Objection is commonly taken to this method on account of the element of chance involved in the distribution of surplus votes. Suppose the quota to be 1,000, and a candidate to receive 1,100 votes, the 100 votes to be transferred would be those stamped with the highest numerals. But if the hundred stamped with the lowest numerals or any other hundred had been taken the second choices would be different.
Strictly speaking, however, this is not a chance selection--it is an arbitrary selection. The returning officer must transfer certain definite papers; if he were allowed to make a chance selection it would be in his power to favour some of the candidates.
Sir John Lubbock points out that the element of chance might be eliminated by distributing the second votes proportionally to the second choices on the whole 1,100 papers, and that it might be desirable to leave any candidate the right to claim that this should be done if he thought it worth while.
+2.--The Hare-Clark Method.+--The Hare system has been in actual use in Tasmania for the last two elections. It is applied only in a six-seat electorate at Hobart and a four-seat electorate at Launceston. The rules for distributing surplus votes proportionally were drawn up by Mr. A.I.
Clark, late Attorney-General. The problem is not so simple as it appears at first sight. There is no difficulty with a surplus on the first count; it is when surpluses are created in subsequent counts by transferred votes that the conditions become complicated. Mr. Clark adopts a rule that in the latter case the transferred papers only are to be taken into account in deciding the proportional distribution of the surplus. Suppose, as before, the quota to be 1,000 votes, and a candidate to have 1,100 votes, 550 of which are marked in the second place to one of the other candidates. Then the latter is ent.i.tled to 50 of the surplus votes, and a chance selection is made of the 550 papers.
The element of chance still remains, therefore, if this surplus contributes to a fresh surplus.
+3.--The Droop-Gregory Method.+--This method, advocated by Professor Nanson, of the Melbourne University, is claimed to entirely eliminate the element of chance. The Gregory plan of transferring surplus votes is defined as a fractional method. If a candidate needs only nine-tenths of his votes to make up his quota, instead of distributing the surplus of one-tenth of the papers all the papers are distributed with one-tenth of their value. Reverting to our former example, if a candidate is marked second on 550 out of 1,100 votes, the quota being 1,000 and the surplus 100, then instead of selecting 50 out of the 550 papers, the whole of them would be transferred in a packet, the value of the packet being 50 votes, or, as Professor Nanson prefers to put it, the value of each paper in the packet being one-eleventh of a vote. Should this packet contribute to a new surplus the third choices on the whole of the papers are available as a basis for the redistribution. The packet would be divided into smaller packets, and each a.s.signed its reduced value. It might here be pointed out that the use of fractions is quite unnecessary, the value of each packet in votes being all that is required, and that the-same process may be used with the Hare-Clark method to avoid the chance selection of papers. The only real difference is this: that when a surplus is created by transferred votes Mr. Clark distributes it by reference to the next preference on all the transferred papers, and Professor Nanson by reference to the last packet of transferred papers only--the packet which raises the candidate above the quota.
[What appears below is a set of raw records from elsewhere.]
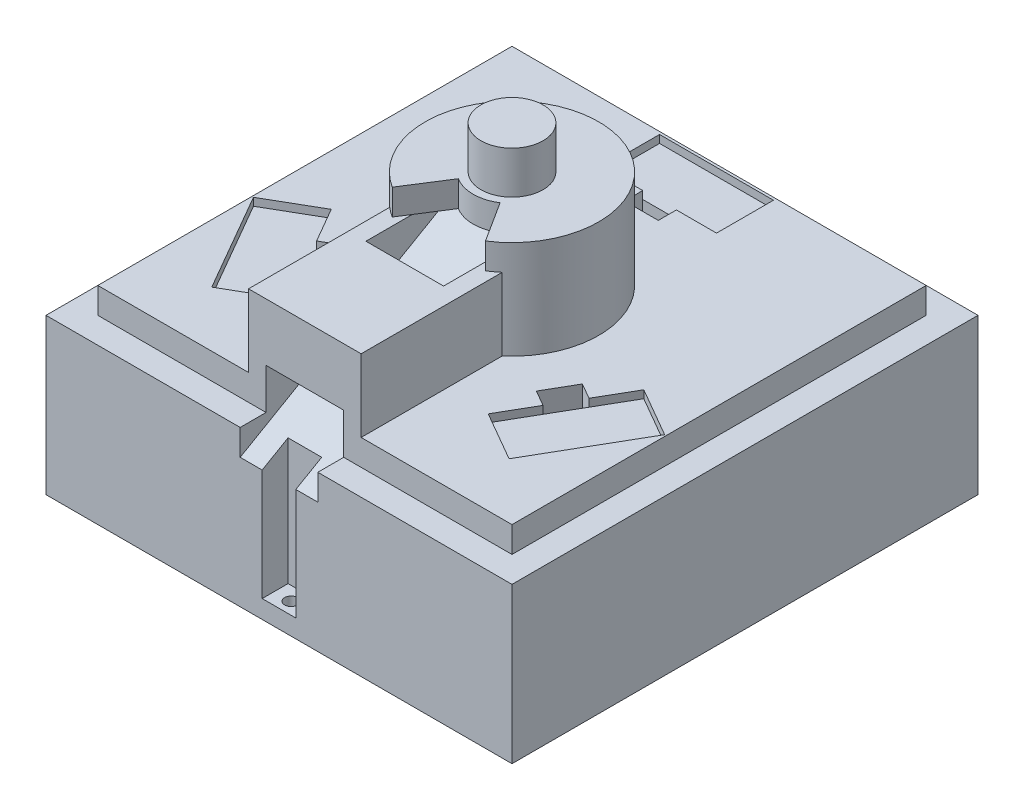
from build123d import *

# Parameters (mm, degrees)
SKETCH_3_W               = 180
SKETCH_3_H               = 180
EXTRUDE_1_DEPTH          = 70
SKETCH_5_OUTSIDE_W       = 234.802
SKETCH_5_OUTSIDE_H       = 234.802
SKETCH_5_OUTSIDE_W_2     = 160
SKETCH_5_OUTSIDE_H_2     = 160
CUT_EXTRUDE_1_DEPTH      = 10
SKETCH_6_W               = 13
SKETCH_6_H               = 10
CUT_EXTRUDE_2_DEPTH      = 53
CUT_EXTRUDE_3_REACH      = 147.258
SKETCH_7_R               = 2.5
SKETCH_8_R               = 4
CUT_EXTRUDE_4_DEPTH      = 2
SKETCH_9_R               = 33.5
EXTRUDE_2_DEPTH          = 38
SKETCH_10_R              = 12
EXTRUDE_3_DEPTH          = 16.4
SKETCH_11_W              = 44
SKETCH_11_H              = 22
CUT_EXTRUDE_5_DEPTH      = 3
PATTERN_CIRCULAR_1_COUNT = 3
CUT_EXTRUDE_6_REACH      = 147.258
SKETCH_12_W              = 13
SKETCH_12_H              = 7
PATTERN_CIRCULAR_2_COUNT = 3
SKETCH_13_W              = 160
SKETCH_13_H              = 155
CUT_EXTRUDE_7_DEPTH      = 50
CUT_EXTRUDE_START        = -10
CUT_EXTRUDE_8_DEPTH      = 10
SKETCH_20_W              = 43.47623614
SKETCH_20_H              = 54.53887657
EXTRUDE_4_DEPTH          = 28
SWEEP_START              = -15
SWEEP_2_DEPTH            = 30


# Read off the part's stored shape, not the designer's step: 切除-扫描2
with BuildPart() as part:
    # 草图3 → 凸台-拉伸1 (new body)
    with BuildSketch(Plane(origin=(0, 0, 0), x_dir=(1, 0, 0), z_dir=(0, 1, 0))):
        Rectangle(SKETCH_3_W, SKETCH_3_H)
    extrude(amount=EXTRUDE_1_DEPTH)

    # 草图5 outside → 切除-拉伸1 (cut)
    with BuildSketch(Plane(origin=(0, 70, 0), x_dir=(1, 0, 0), z_dir=(0, 1, 0))):
        Rectangle(SKETCH_5_OUTSIDE_W, SKETCH_5_OUTSIDE_H)
        Rectangle(SKETCH_5_OUTSIDE_W_2, SKETCH_5_OUTSIDE_H_2, mode=Mode.SUBTRACT)
    extrude(amount=-CUT_EXTRUDE_1_DEPTH, mode=Mode.SUBTRACT)

    # 草图6 → 切除-拉伸2 (cut)
    with BuildSketch(Plane(origin=(0, 60, 0), x_dir=(1, 0, 0), z_dir=(0, 1, 0))):
        with Locations((0, -85)):
            Rectangle(SKETCH_6_W, SKETCH_6_H)
    extrude(amount=-CUT_EXTRUDE_2_DEPTH, mode=Mode.SUBTRACT)

    # 草图7 → 切除-拉伸3 (cut, up to next)
    with BuildSketch(Plane.XZ, mode=Mode.PRIVATE) as cut_extrude_3_sk1:
        with Locations(Location((0, 85.3, 0), (0, 0, 270))):
            Circle(SKETCH_7_R)
    cut_extrude_3_tool1 = extrude(cut_extrude_3_sk1.sketch, amount=-CUT_EXTRUDE_3_REACH, mode=Mode.PRIVATE) & part.part
    add(cut_extrude_3_tool1.solids().sort_by_distance((0, 0, 85.3))[0], mode=Mode.SUBTRACT)

    # 草图8 → 切除-拉伸4 (cut)
    with BuildSketch(Plane.XZ):
        with Locations(Location((0, 85.3, 0), (0, 0, 270))):
            Circle(SKETCH_8_R)
    extrude(amount=-CUT_EXTRUDE_4_DEPTH, mode=Mode.SUBTRACT)

    # 草图9 → 凸台-拉伸2 (add)
    with BuildSketch(Plane(origin=(0, 70, 0), x_dir=(1, 0, 0), z_dir=(0, 1, 0))):
        with Locations(Location((0, 0, 0), (0, 0, 270))):
            Circle(SKETCH_9_R)
    extrude(amount=EXTRUDE_2_DEPTH)

    # 草图10 → 凸台-拉伸3 (add)
    with BuildSketch(Plane(origin=(0, 108, 0), x_dir=(1, 0, 0), z_dir=(0, 1, 0))):
        with Locations(Location((0, 0, 0), (0, 0, 270))):
            Circle(SKETCH_10_R)
    extrude(amount=EXTRUDE_3_DEPTH)

    # 草图11 → 切除-拉伸5 (cut)
    with BuildSketch(Plane(origin=(0, 70, 0), x_dir=(1, 0, 0), z_dir=(0, 1, 0))):
        with Locations((0, 68)):
            Rectangle(SKETCH_11_W, SKETCH_11_H)
    cut_extrude_5 = extrude(amount=-CUT_EXTRUDE_5_DEPTH, mode=Mode.SUBTRACT)

    # 阵列(圆周)1: 切除-拉伸5 ×3 about axis
    pattern_circular_1_axis = Axis((0, 0, 0), (0, 1, 0))
    for i in range(1, PATTERN_CIRCULAR_1_COUNT):
        add(cut_extrude_5.rotate(pattern_circular_1_axis, i * 360 / PATTERN_CIRCULAR_1_COUNT), mode=Mode.SUBTRACT)

    # 草图12 → 切除-拉伸6 (cut, up to next)
    with BuildSketch(Plane(origin=(0, 70, 0), x_dir=(1, 0, 0), z_dir=(0, 1, 0)), mode=Mode.PRIVATE) as cut_extrude_6_sk1:
        with Locations((0, 53.5)):
            Rectangle(SKETCH_12_W, SKETCH_12_H)
    cut_extrude_6_tool1 = extrude(cut_extrude_6_sk1.sketch, amount=-CUT_EXTRUDE_6_REACH, mode=Mode.PRIVATE) & part.part
    cut_extrude_6 = cut_extrude_6_tool1.solids().sort_by_distance((0, 70, -53.5))[0]
    add(cut_extrude_6, mode=Mode.SUBTRACT)

    # 阵列(圆周)2: 切除-拉伸6 ×3 about axis
    pattern_circular_2_axis = Axis((0, 0, 0), (0, 1, 0))
    for i in range(1, PATTERN_CIRCULAR_2_COUNT):
        add(cut_extrude_6.rotate(pattern_circular_2_axis, i * 360 / PATTERN_CIRCULAR_2_COUNT), mode=Mode.SUBTRACT)

    # 草图13 → 切除-拉伸7 (cut)
    with BuildSketch(Plane.XZ):
        with Locations((0, -2.5)):
            Rectangle(SKETCH_13_W, SKETCH_13_H)
    extrude(amount=-CUT_EXTRUDE_7_DEPTH, mode=Mode.SUBTRACT)

    # 草图14 → 切除-拉伸8 (cut)
    with BuildSketch(Plane(origin=(0, 108, 0), x_dir=(1, 0, 0), z_dir=(0, 1, 0)).offset(CUT_EXTRUDE_START)):
        with BuildLine():
            Line((-8.059494125, -12.650871687), (-17.99953688, -28.253613435))
            ThreePointArc((-17.99953688, -28.253613435), (0, -33.5), (17.99953688, -28.253613435))
            Line((17.99953688, -28.253613435), (8.059494125, -12.650871687))
            ThreePointArc((8.059494125, -12.650871687), (0, -15), (-8.059494125, -12.650871687))
        make_face()
    extrude(amount=CUT_EXTRUDE_8_DEPTH, mode=Mode.SUBTRACT)

    # 草图20 → 凸台-拉伸4 (add)
    with BuildSketch(Plane(origin=(0, 70, 0), x_dir=(1, 0, 0), z_dir=(0, 1, 0))):
        with Locations((-0.01436765, -52.730561715)):
            Rectangle(SKETCH_20_W, SKETCH_20_H)
    extrude(amount=EXTRUDE_4_DEPTH)

    # 切除-扫描2 outline → 切除-扫描2 (cut)
    with BuildSketch(Plane.YZ.offset(SWEEP_START)):
        Polygon((98, 6.738189634), (98, 41.43061062), (75.764947914, 80), (60, 80), (60, 90), (50, 90), align=None)
    extrude(amount=SWEEP_2_DEPTH, mode=Mode.SUBTRACT)


solid = part.part
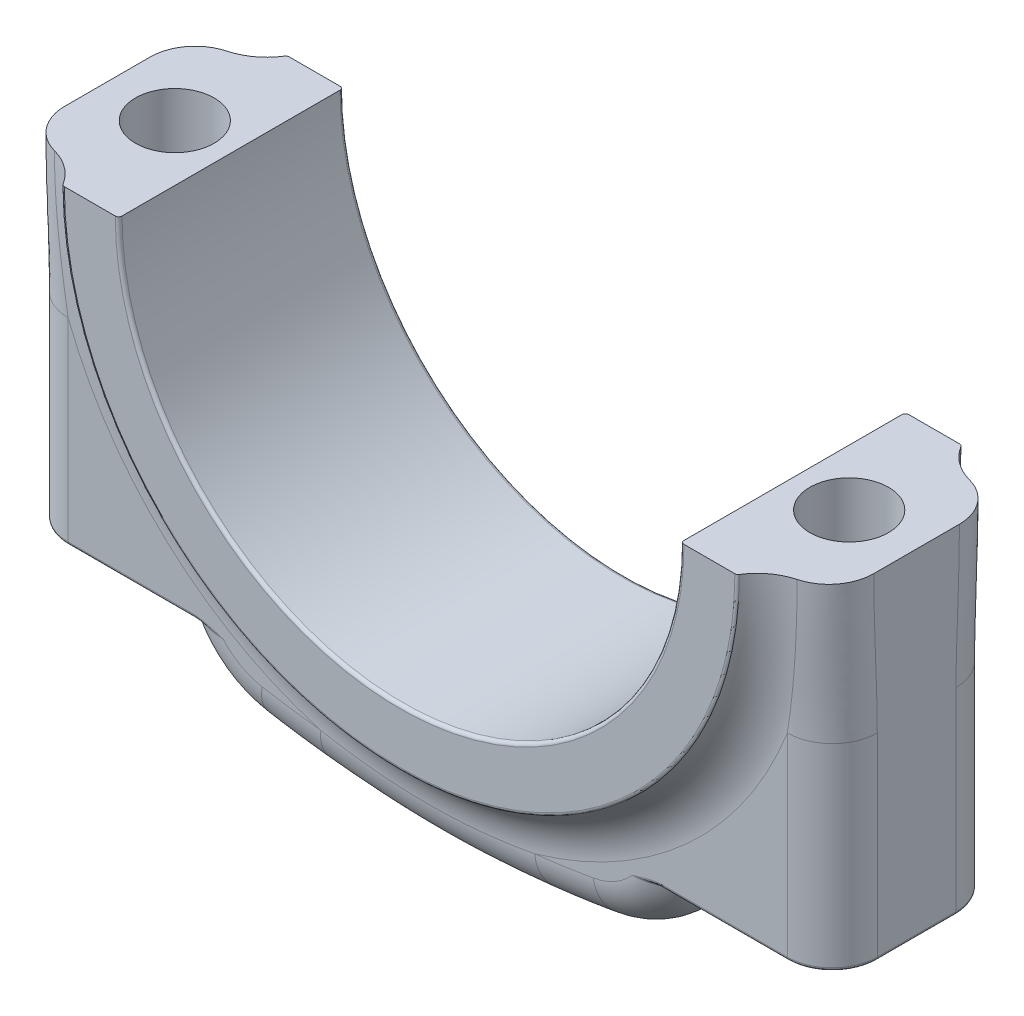
from build123d import *

# Parameters (mm, degrees)
BOSS_EXTRUDE1_DEPTH      = 7.5
BOSS_EXTRUDE2_DEPTH      = 2.5
FILLET1_R                = 5
F_7_0_7_DIAMETER_HOLE1_D = 7
SKETCH6_W                = 13
SKETCH6_H                = 10
CUT_EXTRUDE1_DEPTH       = 48.916594340583124
FILLET2_R                = 10
FILLET3_R                = 4
FILLET4_R                = 0.3


with BuildPart() as part:
    # Sketch1 → Boss-Extrude1 (new body)
    with BuildSketch(Plane.XY):
        with BuildLine():
            Line((0, -25), (0, -37.51363749079488))
            ThreePointArc((0, -37.51363749079488), (18.38786793202979, -35.615205654558174), (36, -30))
            Line((36, -30), (36, 0))
            Line((36, 0), (25, 0))
            ThreePointArc((25, 0), (17.67766952966369, -17.677669529663685), (0, -25))
        make_face()
    extrude(amount=BOSS_EXTRUDE1_DEPTH)

    # Sketch2 → Boss-Extrude2 (add)
    with BuildSketch(Plane.XY.offset(7.5)):
        with BuildLine():
            Line((25, 0), (30, 0))
            ThreePointArc((30, 0), (21.213203435596427, -21.213203435596423), (0, -30))
            Line((0, -30), (0, -25))
            ThreePointArc((0, -25), (17.67766952966369, -17.677669529663685), (25, 0))
        make_face()
    extrude(amount=BOSS_EXTRUDE2_DEPTH)

    # Fillet1
    # the kernel refuses this fillet: 5 mm, written as the material it adds along each edge
    with BuildSketch(Plane(origin=(-8.88e-15, 7.99e-15, 7.5), x_dir=(1, -2.7e-16, 0), z_dir=(2.7e-16, 1, 0))) as fillet1_piece_1:
        with BuildLine():
            CenterArc((34.33012701892245, -5), FILLET1_R, 90, 60.00000000000142)
            Line((30.000000000000192, -2.5000000000001066), (29.91339745962175, -2.4500000000001094))
            ThreePointArc((29.91339745962175, -2.4500000000001094), (29.900000000000006, -1.2500000000000533), (29.900000000000006, 0))
            Line((29.900000000000006, 0), (30.000000000000007, 0.09999999999999964))
            Line((30.000000000000007, 0.09999999999999964), (34.33012701892245, 0.09999999999999964))
            Line((34.33012701892245, 0.09999999999999964), (34.33012701892245, 0))
        make_face()
    revolve(axis=Axis((-8.88e-15, 7.99e-15, 7.5), (0, 0, -1)), revolution_arc=89.99999999999997)

    # Ø7.0 (7) Diameter Hole1 (through all)
    with Locations(Plane(origin=(0, 0, 0), x_dir=(1, 0, 0), z_dir=(0, 1, 0))):
        with Locations((30, 0)):
            Hole(F_7_0_7_DIAMETER_HOLE1_D / 2)

    # Sketch6 → Cut-Extrude1 (cut, through all)
    with BuildSketch(Plane(origin=(0, -30.000000000000014, 0), x_dir=(1, 0, 0), z_dir=(0, 1, 0))):
        with Locations((29.5, -5)):
            Rectangle(SKETCH6_W, SKETCH6_H)
    extrude(amount=-CUT_EXTRUDE1_DEPTH, mode=Mode.SUBTRACT)

    # Fillet2
    # the kernel refuses this fillet: 10 mm, written as the material it takes off along each edge
    with BuildSketch(Plane(origin=(23, -34.525130984470756, 26.925869482875026), x_dir=(-7.85e-15, 1, 0), z_dir=(0, 0, -1))) as fillet2_piece_1:
        with BuildLine():
            CenterArc((8.19273684798337, -9.303153617452946), FILLET2_R, 111.51597242857102, 58.625815395979885)
            Line((-1.6596077327282162, -7.591047819634649), (-1.8566546243424444, -7.5568057036782825))
            ThreePointArc((-1.8566546243424444, -7.5568057036782825), (-1.1071508139387296, -3.734888388901121), (-0.19335887443038796, 0.05111111111111048))
            Line((-0.19335887443038796, 0.05111111111111048), (-1.57e-15, 0.1999999999999993))
            ThreePointArc((-1.57e-15, 0.1999999999999993), (2.262565492235373, 0.20000000000001705), (4.451778867200504, 0.18606307234906025))
            Line((4.451778867200504, 0.18606307234906025), (4.525130984470756, 0))
        make_face()
    extrude(amount=46.35173896575005, mode=Mode.SUBTRACT)

    # Fillet3
    fillet3_edges = [part.edges().sort_by_distance(p)[0] for p in [
        (20.013232473219052, -34.085023803482585, 7.5),
        (7.733074732072455, -37.18079733869116, 7.5),
        (36, -15, 7.5),
    ]]
    fillet(fillet3_edges, radius=FILLET3_R)

    # Fillet4
    fillet4_edges = [part.edges().sort_by_distance(p)[0] for p in [
        (21.21320343559642, -21.213203435596427, 10),
    ]]
    fillet(fillet4_edges, radius=FILLET4_R)
    fillet4_2_edges = [part.edges().sort_by_distance(p)[0] for p in [
        (17.67766952966368, -17.67766952966369, 10),
    ]]
    fillet(fillet4_2_edges, radius=FILLET4_R)
    fillet4_3_edges = [part.edges().sort_by_distance(p)[0] for p in [
        (21.591435728426237, -30.000000000000014, 6.446749507299309),
        (23, -30.000000000000014, 1.7500000000000004),
    ]]
    fillet(fillet4_3_edges, radius=FILLET4_R)
    fillet4_4_edges = [part.edges().sort_by_distance(p)[0] for p in [
        (26.07646993001418, -30.000000000000014, 7.5),
        (34.82842712474247, -30.000000000000014, 6.328427124749906),
        (36, -30.000000000000004, 1.75),
    ]]
    fillet(fillet4_4_edges, radius=FILLET4_R)

    # Mirror1: part across plane


with BuildPart() as part_1:
    add(part.part)
    add(part.part.mirror(Plane(origin=(0, 0, 0), x_dir=(0, 0, 1), z_dir=(1, 0, 0))))

    # Mirror2: part across plane


with BuildPart() as part_2:
    add(part_1.part)
    add(part_1.part.mirror(Plane.XY))


solid = part_2.part

Which of these methods is correct? Should we select the surplus from all votes, original and transferred, as Sir John Lubbock proposes; from all transferred votes only, with Mr. Clark; or from the last packet only of transferred votes, with Professor Nanson? Consider a group of electors having somewhat more than a quota of votes at its disposal. If it nominates one candidate only every one of the electors will have a voice in the distribution of the surplus, but if it puts up three candidates, two of whom are excluded and the third elected, Mr. Clark would allow those who supported the two excluded candidates to decide the distribution of the surplus, and Professor Nanson only those who supported the last candidate excluded. Both are clearly wrong, for the only rational view to take is that when a candidate is excluded it is the same as if he had never been nominated and the transferred votes had formed part of the original votes of those to whom they are transferred.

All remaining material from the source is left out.